If you're leaving: conduct a quiet exit. No confrontation, no final conversation where you explain what the person has done to you, no bridges burned with the organization — even if the organization has failed you. Document your accomplishments and secure your references before you give notice. Leave the way you would leave any professional role: gracefully, with your reputation intact, and with the relationships that matter preserved.
Prepare for the post-exit smear campaign — it is common. A narcissist who did not initiate the ending of the relationship will often respond to your departure by constructing a narrative about why you left that centers their interests. The colleagues and managers who know your actual work are your counter-narrative. Maintain those relationships professionally before and after departure.
“Leaving a narcissistic workplace is not failure. It is the point where self-protection becomes the priority.”
Your Nervous System After a Narcissistic Job
Getting a new job is not the same as recovering from a narcissistic workplace. This is the thing most people discover after they leave: the new environment is objectively better, but the nervous system didn't get the memo.
Workplace PTSD is real — documented in clinical literature, named in research on occupational trauma, and recognizable to anyone who has experienced it. The symptoms are specific: intrusive thoughts about work interactions from the previous job (replaying the meeting, the review, the offhand comment that eroded something important); hypervigilance in the new role — reading your new manager's tone the way you learned to read the old one, bracing for criticism that doesn't come, struggling to trust that positive feedback is real; difficulty believing that the new environment is safe even when it demonstrably is.
Recovery from a narcissistic workplace is not about forgetting what happened. It is about helping the nervous system update its threat model. You learned, over months or years of sustained exposure, that the professional environment was dangerous — that feedback meant attack, that visibility meant risk, that trust in authority figures meant vulnerability. Those are accurate conclusions from that specific environment. They are outdated conclusions in every other one. The work of recovery is creating enough evidence in the new environment — enough safe interactions, enough accurate feedback, enough experiences of trust being honored — that the nervous system can revise what it knows.
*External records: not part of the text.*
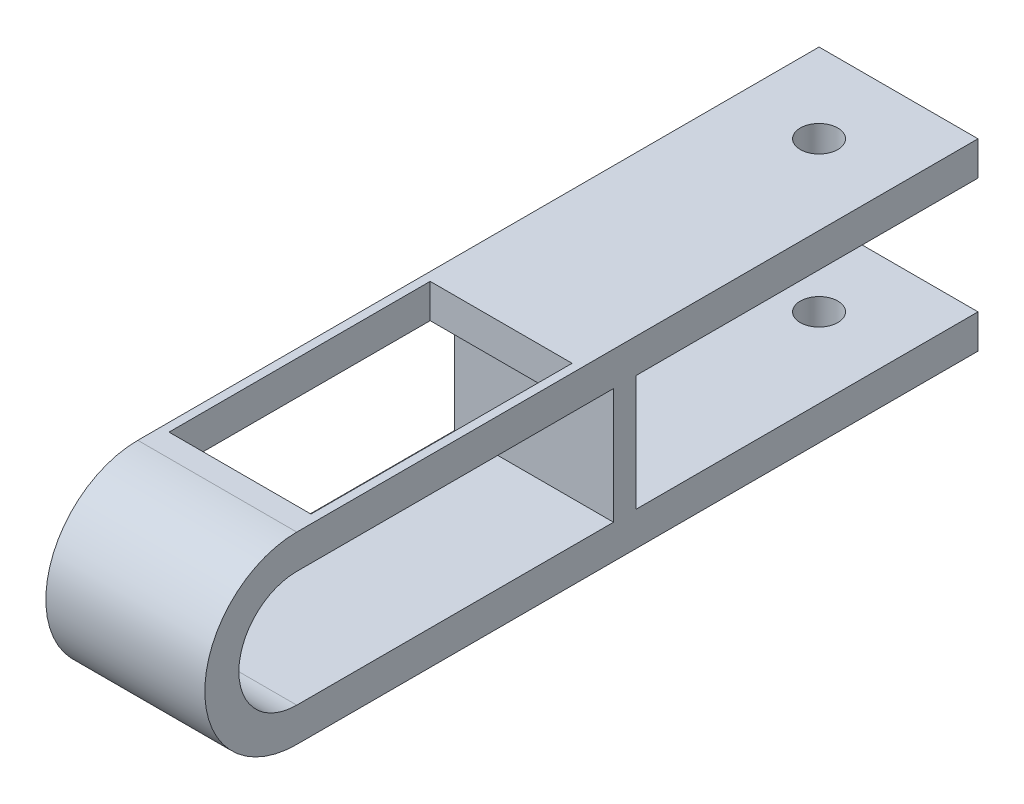
from build123d import *

# Parameters (mm, degrees)
BOSS_EXTRUDE1_DEPTH = 14
SKETCH3_R           = 1.65
CUT_EXTRUDE1_DEPTH  = 40
CUT_EXTRUDE2_DEPTH  = 1.5
SKETCH6_R           = 0.15
CUT_EXTRUDE3_DEPTH  = 0.5
SKETCH8_R           = 0.15
CUT_EXTRUDE4_DEPTH  = 0.5
CUT_EXTRUDE5_REACH  = 73.387
SKETCH9_W           = 12.5
SKETCH9_H           = 23


with BuildPart() as part:
    # Sketch2 → Boss-Extrude1 (new body)
    with BuildSketch(Plane.YZ):
        with BuildLine():
            Line((8.1, 0), (5.1, 0))
            Line((5.1, 0), (5.1, 30.1))
            Line((5.1, 30.1), (-5.1, 30.1))
            Line((-5.1, 30.1), (-5.1, 0))
            Line((-5.1, 0), (-8.1, 0))
            Line((-8.1, 0), (-8.1, 60))
            ThreePointArc((-8.1, 60), (0, 68.1), (8.1, 60))
            Line((8.1, 60), (8.1, 0))
        make_face()
        with BuildLine():
            Line((-5.1, 60), (-5.1, 32.1))
            Line((-5.1, 32.1), (5.1, 32.1))
            Line((5.1, 32.1), (5.1, 60))
            ThreePointArc((5.1, 60), (0, 65.1), (-5.1, 60))
        make_face(mode=Mode.SUBTRACT)
    extrude(amount=BOSS_EXTRUDE1_DEPTH)

    # Sketch3 → Cut-Extrude1 (cut)
    with BuildSketch(Plane.XZ.offset(8.1)):
        with Locations((7, 7)):
            Circle(SKETCH3_R)
    extrude(amount=-CUT_EXTRUDE1_DEPTH, mode=Mode.SUBTRACT)

    # Sketch4 → Cut-Extrude2 (cut)
    with BuildSketch(Plane.XZ.offset(8.1)):
        with BuildLine():
            ThreePointArc((10.6, 53), (7, 56.6), (3.4, 53))
            Line((3.4, 53), (4.65, 38))
            ThreePointArc((4.65, 38), (7, 35.65), (9.35, 38))
            Line((9.35, 38), (10.6, 53))
        make_face()
    extrude(amount=-CUT_EXTRUDE2_DEPTH, mode=Mode.SUBTRACT)

    # Sketch6 → Cut-Extrude3 (cut)
    with BuildSketch(Plane.XZ.offset(6.6)):
        with Locations((7, 38)):
            Circle(SKETCH6_R)
    extrude(amount=-CUT_EXTRUDE3_DEPTH, mode=Mode.SUBTRACT)

    # Sketch8 → Cut-Extrude4 (cut)
    with BuildSketch(Plane.XZ.offset(6.6)):
        with Locations((7, 53)):
            Circle(SKETCH8_R)
    extrude(amount=-CUT_EXTRUDE4_DEPTH, mode=Mode.SUBTRACT)

    # Sketch9 → Cut-Extrude5 (cut, up to next)
    with BuildSketch(Plane(origin=(0, 8.1, 0), x_dir=(-1, 0, 0), z_dir=(0, 1, 0)), mode=Mode.PRIVATE) as cut_extrude5_sk1:
        with Locations((-7, 46.5)):
            Rectangle(SKETCH9_W, SKETCH9_H)
    cut_extrude5_tool1 = extrude(cut_extrude5_sk1.sketch, amount=-CUT_EXTRUDE5_REACH, mode=Mode.PRIVATE) & part.part
    add(cut_extrude5_tool1.solids().sort_by_distance((7, 8.1, 46.5))[0], mode=Mode.SUBTRACT)


solid = part.part
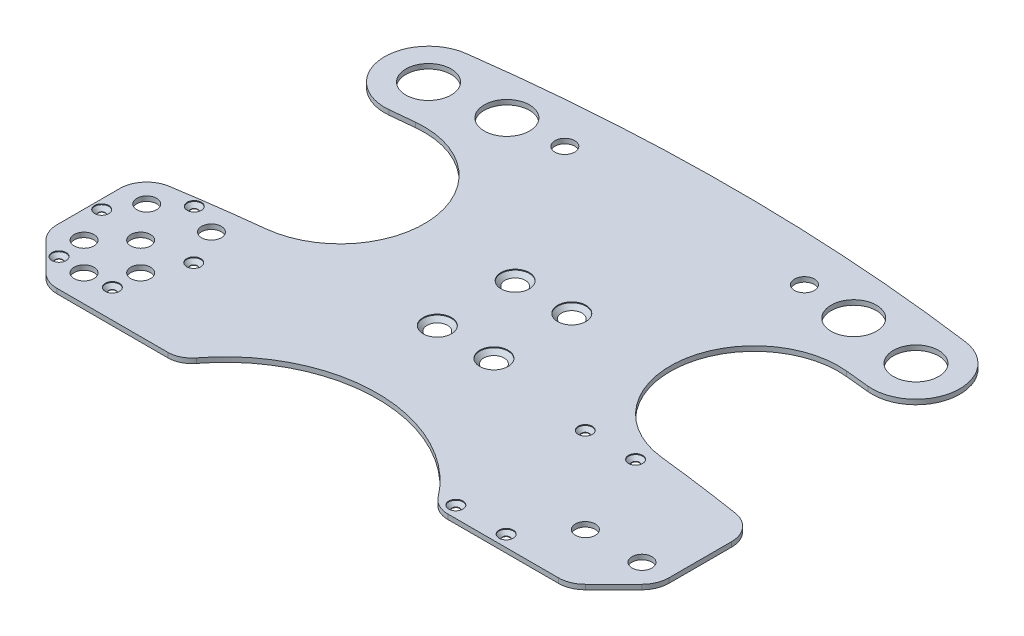
from build123d import *

# Parameters (mm, degrees)
SKETCH1_R                                      = 2.5
BOSS_EXTRUDE1_DEPTH                            = 1.7
CUT_EXTRUDE1_REACH                             = 155.062
SKETCH2_R                                      = 3.5
SKETCH2_R_2                                    = 8
CUT_EXTRUDE2_REACH                             = 155.062
SKETCH3_R                                      = 1.3
FILLET1_R                                      = 8.5
CUT_EXTRUDE3_REACH                             = 136.744
SKETCH8_R                                      = 1.25
CSK_FOR_M5_FLAT_HEAD_MACHINE_SCREW1_AT_2_COUNT = 2
CSK_FOR_M5_FLAT_HEAD_MACHINE_SCREW1_AT_2_PITCH = 20
CSK_FOR_M5_FLAT_HEAD_MACHINE_SCREW1_AT_3_COUNT = 2
CSK_FOR_M5_FLAT_HEAD_MACHINE_SCREW1_AT_3_PITCH = 34.003676272
CSK_FOR_M5_FLAT_HEAD_MACHINE_SCREW1_AT_4_COUNT = 2
CSK_FOR_M5_FLAT_HEAD_MACHINE_SCREW1_AT_4_PITCH = 27.5
CSK_FOR_M2_5_FLAT_HEAD_MACHINE_SCREW1_AT_COUNT = 2
CSK_FOR_M2_5_FLAT_HEAD_MACHINE_SCREW1_AT_PITCH = 17.78
CSK_FOR_M2_5_FLAT_HEAD_MACHINE_SCREW_2_COUNT   = 2
CSK_FOR_M2_5_FLAT_HEAD_MACHINE_SCREW_2_PITCH   = 49.055548106
CSK_FOR_M2_5_FLAT_HEAD_MACHINE_SCREW_3_COUNT   = 2
CSK_FOR_M2_5_FLAT_HEAD_MACHINE_SCREW_3_PITCH   = 45.72
CSK_FOR_M2_5_FLAT_HEAD_MACHINE_SCREW_4_COUNT   = 2
CSK_FOR_M2_5_FLAT_HEAD_MACHINE_SCREW_4_PITCH   = 137.589286773
CSK_FOR_M2_5_FLAT_HEAD_MACHINE_SCREW_5_COUNT   = 2
CSK_FOR_M2_5_FLAT_HEAD_MACHINE_SCREW_5_PITCH   = 121.758213801
CSK_FOR_M2_5_FLAT_HEAD_MACHINE_SCREW_6_COUNT   = 2
CSK_FOR_M2_5_FLAT_HEAD_MACHINE_SCREW_6_PITCH   = 153.980488141
CSK_FOR_M2_5_FLAT_HEAD_MACHINE_SCREW_7_COUNT   = 2
CSK_FOR_M2_5_FLAT_HEAD_MACHINE_SCREW_7_PITCH   = 151.428910743
CSK_FOR_M2_5_FLAT_HEAD_MACHINE_SCREW_8_COUNT   = 2
CSK_FOR_M2_5_FLAT_HEAD_MACHINE_SCREW_8_PITCH   = 133.343575359


with BuildPart() as part:
    # Sketch1 → Boss-Extrude1 (new body)
    with BuildSketch(Plane(origin=(0, 0, 0), x_dir=(1, 0, 0), z_dir=(0, 1, 0))):
        with BuildLine():
            Line((-73.314391493, -95), (73.314391493, -95))
            ThreePointArc((73.314391493, -95), (120, 0), (73.314391493, 95))
            Line((73.314391493, 95), (-73.314391493, 95))
            ThreePointArc((-73.314391493, 95), (-120, 0), (-73.314391493, -95))
        make_face()
        with Locations((-10, 13.75)):
            Circle(SKETCH1_R, mode=Mode.SUBTRACT)
        with Locations((-10, -13.75)):
            Circle(SKETCH1_R, mode=Mode.SUBTRACT)
        with Locations((10, -13.75)):
            Circle(SKETCH1_R, mode=Mode.SUBTRACT)
        with Locations((10, 13.75)):
            Circle(SKETCH1_R, mode=Mode.SUBTRACT)
    extrude(amount=BOSS_EXTRUDE1_DEPTH)

    # Sketch2 → Cut-Extrude1 (cut, up to next)
    with BuildSketch(Plane(origin=(0, 1.7, 0), x_dir=(1, 0, 0), z_dir=(0, 1, 0)), mode=Mode.PRIVATE) as cut_extrude1_sk1:
        with Locations((-88.540600769, -40)):
            Circle(SKETCH2_R)
    cut_extrude1_tool1 = extrude(cut_extrude1_sk1.sketch, amount=-CUT_EXTRUDE1_REACH, mode=Mode.PRIVATE) & part.part
    # Sketch2 → Cut-Extrude1 (cut, up to next)
    with BuildSketch(Plane(origin=(0, 1.7, 0), x_dir=(1, 0, 0), z_dir=(0, 1, 0)), mode=Mode.PRIVATE) as cut_extrude1_sk2:
        with Locations((-78.540600769, -50)):
            Circle(SKETCH2_R)
    cut_extrude1_tool2 = extrude(cut_extrude1_sk2.sketch, amount=-CUT_EXTRUDE1_REACH, mode=Mode.PRIVATE) & part.part
    # Sketch2 → Cut-Extrude1 (cut, up to next)
    with BuildSketch(Plane(origin=(0, 1.7, 0), x_dir=(1, 0, 0), z_dir=(0, 1, 0)), mode=Mode.PRIVATE) as cut_extrude1_sk3:
        with Locations((-88.540600769, -60)):
            Circle(SKETCH2_R)
    cut_extrude1_tool3 = extrude(cut_extrude1_sk3.sketch, amount=-CUT_EXTRUDE1_REACH, mode=Mode.PRIVATE) & part.part
    # Sketch2 → Cut-Extrude1 (cut, up to next)
    with BuildSketch(Plane(origin=(0, 1.7, 0), x_dir=(1, 0, 0), z_dir=(0, 1, 0)), mode=Mode.PRIVATE) as cut_extrude1_sk4:
        with Locations((-98.540600769, -50)):
            Circle(SKETCH2_R)
    cut_extrude1_tool4 = extrude(cut_extrude1_sk4.sketch, amount=-CUT_EXTRUDE1_REACH, mode=Mode.PRIVATE) & part.part
    # Sketch2 → Cut-Extrude1 (cut, up to next)
    with BuildSketch(Plane(origin=(0, 1.7, 0), x_dir=(1, 0, 0), z_dir=(0, 1, 0)), mode=Mode.PRIVATE) as cut_extrude1_sk5:
        with Locations((78.540600769, -50)):
            Circle(SKETCH2_R)
    cut_extrude1_tool5 = extrude(cut_extrude1_sk5.sketch, amount=-CUT_EXTRUDE1_REACH, mode=Mode.PRIVATE) & part.part
    # Sketch2 → Cut-Extrude1 (cut, up to next)
    with BuildSketch(Plane(origin=(0, 1.7, 0), x_dir=(1, 0, 0), z_dir=(0, 1, 0)), mode=Mode.PRIVATE) as cut_extrude1_sk6:
        with Locations((98.540600769, -50)):
            Circle(SKETCH2_R)
    cut_extrude1_tool6 = extrude(cut_extrude1_sk6.sketch, amount=-CUT_EXTRUDE1_REACH, mode=Mode.PRIVATE) & part.part
    # Sketch2 → Cut-Extrude1 (cut, up to next)
    with BuildSketch(Plane(origin=(0, 1.7, 0), x_dir=(1, 0, 0), z_dir=(0, 1, 0)), mode=Mode.PRIVATE) as cut_extrude1_sk7:
        with Locations((-98.540600769, -27.862546721)):
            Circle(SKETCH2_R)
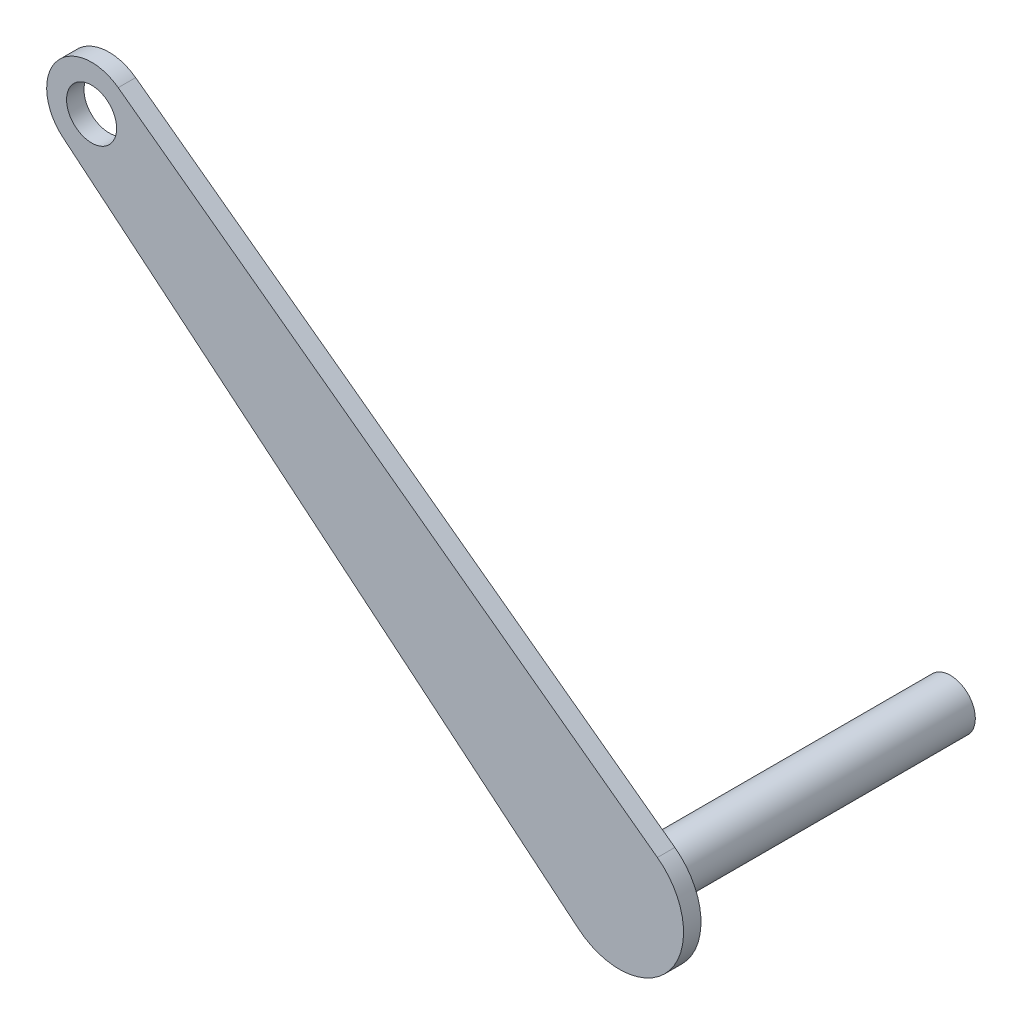
from build123d import *

# Parameters (mm, degrees)
EXTRUDE1_OUTLINE_R = 4.309736146
EXTRUDE1_DEPTH     = 3
EXTRUDE2_START     = -57
SKETCH2_R          = 4.309736146
EXTRUDE2_DEPTH     = 57


# Read off the part's stored shape, not the designer's step: Extrude1
with BuildPart() as part:
    # Extrude1 outline → Extrude1 (new body)
    with BuildSketch(Plane.XY):
        with BuildLine():
            ThreePointArc((-11.990836263, 60.528054794), (-22.672294112, 59.063871996), (-21.516296681, 48.344681589))
            Line((-21.516296681, 48.344681589), (67.256693566, -25.277180433))
            ThreePointArc((67.256693566, -25.277180433), (83.02731963, -23.576417361), (80.873138344, -7.861305383))
            Line((80.873138344, -7.861305383), (-11.990836263, 60.528054794))
        make_face()
        with Locations((74.315769624, -16.765370586)):
            Circle(EXTRUDE1_OUTLINE_R, mode=Mode.SUBTRACT)
        with Locations((-16.578080379, 54.299165973)):
            Circle(EXTRUDE1_OUTLINE_R, mode=Mode.SUBTRACT)
    extrude(amount=EXTRUDE1_DEPTH)

    # Sketch2 → Extrude2 (add)
    with BuildSketch(Plane.XY.offset(3).offset(EXTRUDE2_START)):
        with Locations((74.315769624, -16.765370586)):
            Circle(SKETCH2_R)
    extrude(amount=EXTRUDE2_DEPTH)


solid = part.part

That process takes longer than most people expect. It is also entirely possible.
The window of tolerance: understanding your capacity for recovery →
Emotional regulation techniques for rewiring the threat response →
This is the final article in a six-part series on the tactics narcissists use when someone tries to leave or limit their control. Flying monkeys, hoovering, grey rock, co-parenting, post-separation abuse, and now the workplace — the same pattern showing up in different arenas. Whether it was a relationship, a separation, a family system, or a job: the dynamic is the same. Control, destabilization, and attempted re-entry. Intermittent reinforcement. Identity erosion through sustained exposure to someone who rewrites reality. Understanding the pattern is what makes it legible. And what's legible can be navigated.
“Whether it was a relationship, a separation, a family system, or a workplace — the pattern is the same: control, destabilization, and attempted re-entry. Understanding the pattern is what breaks it.”